== Records for the exercise ==
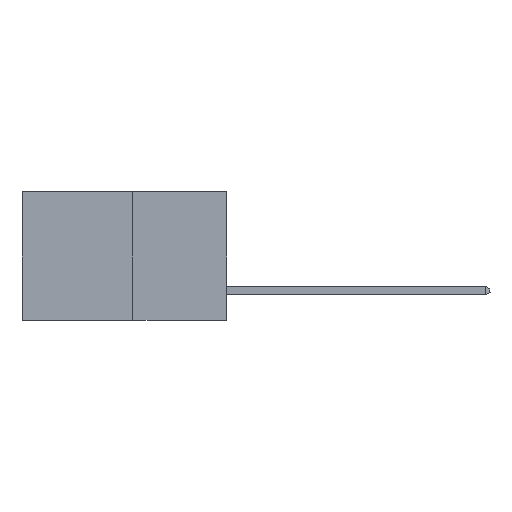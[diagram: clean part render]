
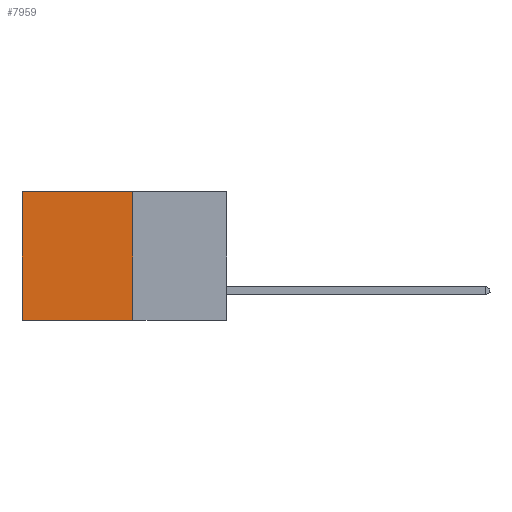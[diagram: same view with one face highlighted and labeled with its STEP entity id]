
A CAD part, left-side view. The second image highlights one B-rep face of the part: STEP entity #7959.
In plain terms, the highlighted planar face has unit normal (-1, 0, 0).
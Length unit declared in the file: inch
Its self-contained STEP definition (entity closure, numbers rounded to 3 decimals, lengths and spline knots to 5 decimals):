
#136 = VERTEX_POINT ( 'NONE', #15605 ) ;
#332 = VECTOR ( 'NONE', #29326, 39.37008 ) ;
#1215 = VECTOR ( 'NONE', #18394, 39.37008 ) ;
#1358 = PLANE ( 'NONE',  #27238 ) ;
#1967 = CARTESIAN_POINT ( 'NONE',  ( 0.277, 0.59, -0.37 ) ) ;
#2172 = EDGE_CURVE ( 'NONE', #136, #21054, #7652, .T. ) ;
#3276 = ORIENTED_EDGE ( 'NONE', *, *, #29986, .F. ) ;
#3789 = DIRECTION ( 'NONE',  ( 1., 0., 0. ) ) ;
#5366 = LINE ( 'NONE', #22510, #23878 ) ;
#5576 = DIRECTION ( 'NONE',  ( 0., 1., 0. ) ) ;
#7652 = LINE ( 'NONE', #28138, #1215 ) ;
#7959 = ADVANCED_FACE ( 'NONE', ( #16962 ), #1358, .F. ) ;
#8567 = CARTESIAN_POINT ( 'NONE',  ( 0.277, 0.27, -0.37 ) ) ;
#10067 = EDGE_CURVE ( 'NONE', #24886, #22142, #5366, .T. ) ;
#12791 = EDGE_CURVE ( 'NONE', #22142, #21054, #15072, .T. ) ;
#13700 = ORIENTED_EDGE ( 'NONE', *, *, #10067, .T. ) ;
#15072 = LINE ( 'NONE', #1967, #26238 ) ;
#15605 = CARTESIAN_POINT ( 'NONE',  ( 0.277, 0.27, -0.37 ) ) ;
#16535 = EDGE_LOOP ( 'NONE', ( #21785, #18156, #3276, #13700 ) ) ;
#16550 = DIRECTION ( 'NONE',  ( 0., 0., -1. ) ) ;
#16962 = FACE_OUTER_BOUND ( 'NONE', #16535, .T. ) ;
#18156 = ORIENTED_EDGE ( 'NONE', *, *, #2172, .F. ) ;
#18394 = DIRECTION ( 'NONE',  ( 0., 1., 0. ) ) ;
#18414 = CARTESIAN_POINT ( 'NONE',  ( 0.277, 0.27, 0. ) ) ;
#19655 = LINE ( 'NONE', #26965, #332 ) ;
#20738 = DIRECTION ( 'NONE',  ( 0., 0., -1. ) ) ;
#21054 = VERTEX_POINT ( 'NONE', #25699 ) ;
#21785 = ORIENTED_EDGE ( 'NONE', *, *, #12791, .T. ) ;
#22142 = VERTEX_POINT ( 'NONE', #27330 ) ;
#22510 = CARTESIAN_POINT ( 'NONE',  ( 0.277, 0.27, 0. ) ) ;
#23878 = VECTOR ( 'NONE', #5576, 39.37008 ) ;
#24886 = VERTEX_POINT ( 'NONE', #18414 ) ;
#25699 = CARTESIAN_POINT ( 'NONE',  ( 0.277, 0.59, -0.37 ) ) ;
#26238 = VECTOR ( 'NONE', #16550, 39.37008 ) ;
#26965 = CARTESIAN_POINT ( 'NONE',  ( 0.277, 0.27, -0.37 ) ) ;
#27238 = AXIS2_PLACEMENT_3D ( 'NONE', #8567, #3789, #20738 ) ;
#27330 = CARTESIAN_POINT ( 'NONE',  ( 0.277, 0.59, 0. ) ) ;
#28138 = CARTESIAN_POINT ( 'NONE',  ( 0.277, 0.27, -0.37 ) ) ;
#29326 = DIRECTION ( 'NONE',  ( 0., 0., -1. ) ) ;
#29986 = EDGE_CURVE ( 'NONE', #24886, #136, #19655, .T. ) ;

== Exercise details ==
Could you set down the data exactly as given, minus its pictures?

== Result of the exercise ==
[diagram: clean part render]
[diagram: same view with one face highlighted and labeled with its STEP entity id]
A CAD part, left-side view. The second image highlights one B-rep face of the part: STEP entity #7959.
In plain terms, the highlighted planar face has unit normal (-1, 0, 0).
Length unit declared in the file: inch
Its self-contained STEP definition (entity closure, numbers rounded to 3 decimals, lengths and spline knots to 5 decimals):
#136 = VERTEX_POINT ( 'NONE', #15605 ) ;
#332 = VECTOR ( 'NONE', #29326, 39.37008 ) ;
#1215 = VECTOR ( 'NONE', #18394, 39.37008 ) ;
#1358 = PLANE ( 'NONE',  #27238 ) ;
#1967 = CARTESIAN_POINT ( 'NONE',  ( 0.277, 0.59, -0.37 ) ) ;
#2172 = EDGE_CURVE ( 'NONE', #136, #21054, #7652, .T. ) ;
#3276 = ORIENTED_EDGE ( 'NONE', *, *, #29986, .F. ) ;
#3789 = DIRECTION ( 'NONE',  ( 1., 0., 0. ) ) ;
#5366 = LINE ( 'NONE', #22510, #23878 ) ;
#5576 = DIRECTION ( 'NONE',  ( 0., 1., 0. ) ) ;
#7652 = LINE ( 'NONE', #28138, #1215 ) ;
#7959 = ADVANCED_FACE ( 'NONE', ( #16962 ), #1358, .F. ) ;
#8567 = CARTESIAN_POINT ( 'NONE',  ( 0.277, 0.27, -0.37 ) ) ;
#10067 = EDGE_CURVE ( 'NONE', #24886, #22142, #5366, .T. ) ;
#12791 = EDGE_CURVE ( 'NONE', #22142, #21054, #15072, .T. ) ;
#13700 = ORIENTED_EDGE ( 'NONE', *, *, #10067, .T. ) ;
#15072 = LINE ( 'NONE', #1967, #26238 ) ;
#15605 = CARTESIAN_POINT ( 'NONE',  ( 0.277, 0.27, -0.37 ) ) ;
#16535 = EDGE_LOOP ( 'NONE', ( #21785, #18156, #3276, #13700 ) ) ;
#16550 = DIRECTION ( 'NONE',  ( 0., 0., -1. ) ) ;
#16962 = FACE_OUTER_BOUND ( 'NONE', #16535, .T. ) ;
#18156 = ORIENTED_EDGE ( 'NONE', *, *, #2172, .F. ) ;
#18394 = DIRECTION ( 'NONE',  ( 0., 1., 0. ) ) ;
#18414 = CARTESIAN_POINT ( 'NONE',  ( 0.277, 0.27, 0. ) ) ;
#19655 = LINE ( 'NONE', #26965, #332 ) ;
#20738 = DIRECTION ( 'NONE',  ( 0., 0., -1. ) ) ;
#21054 = VERTEX_POINT ( 'NONE', #25699 ) ;
#21785 = ORIENTED_EDGE ( 'NONE', *, *, #12791, .T. ) ;
#22142 = VERTEX_POINT ( 'NONE', #27330 ) ;
#22510 = CARTESIAN_POINT ( 'NONE',  ( 0.277, 0.27, 0. ) ) ;
#23878 = VECTOR ( 'NONE', #5576, 39.37008 ) ;
#24886 = VERTEX_POINT ( 'NONE', #18414 ) ;
#25699 = CARTESIAN_POINT ( 'NONE',  ( 0.277, 0.59, -0.37 ) ) ;
#26238 = VECTOR ( 'NONE', #16550, 39.37008 ) ;
#26965 = CARTESIAN_POINT ( 'NONE',  ( 0.277, 0.27, -0.37 ) ) ;
#27238 = AXIS2_PLACEMENT_3D ( 'NONE', #8567, #3789, #20738 ) ;
#27330 = CARTESIAN_POINT ( 'NONE',  ( 0.277, 0.59, 0. ) ) ;
#28138 = CARTESIAN_POINT ( 'NONE',  ( 0.277, 0.27, -0.37 ) ) ;
#29326 = DIRECTION ( 'NONE',  ( 0., 0., -1. ) ) ;
#29986 = EDGE_CURVE ( 'NONE', #24886, #136, #19655, .T. ) ;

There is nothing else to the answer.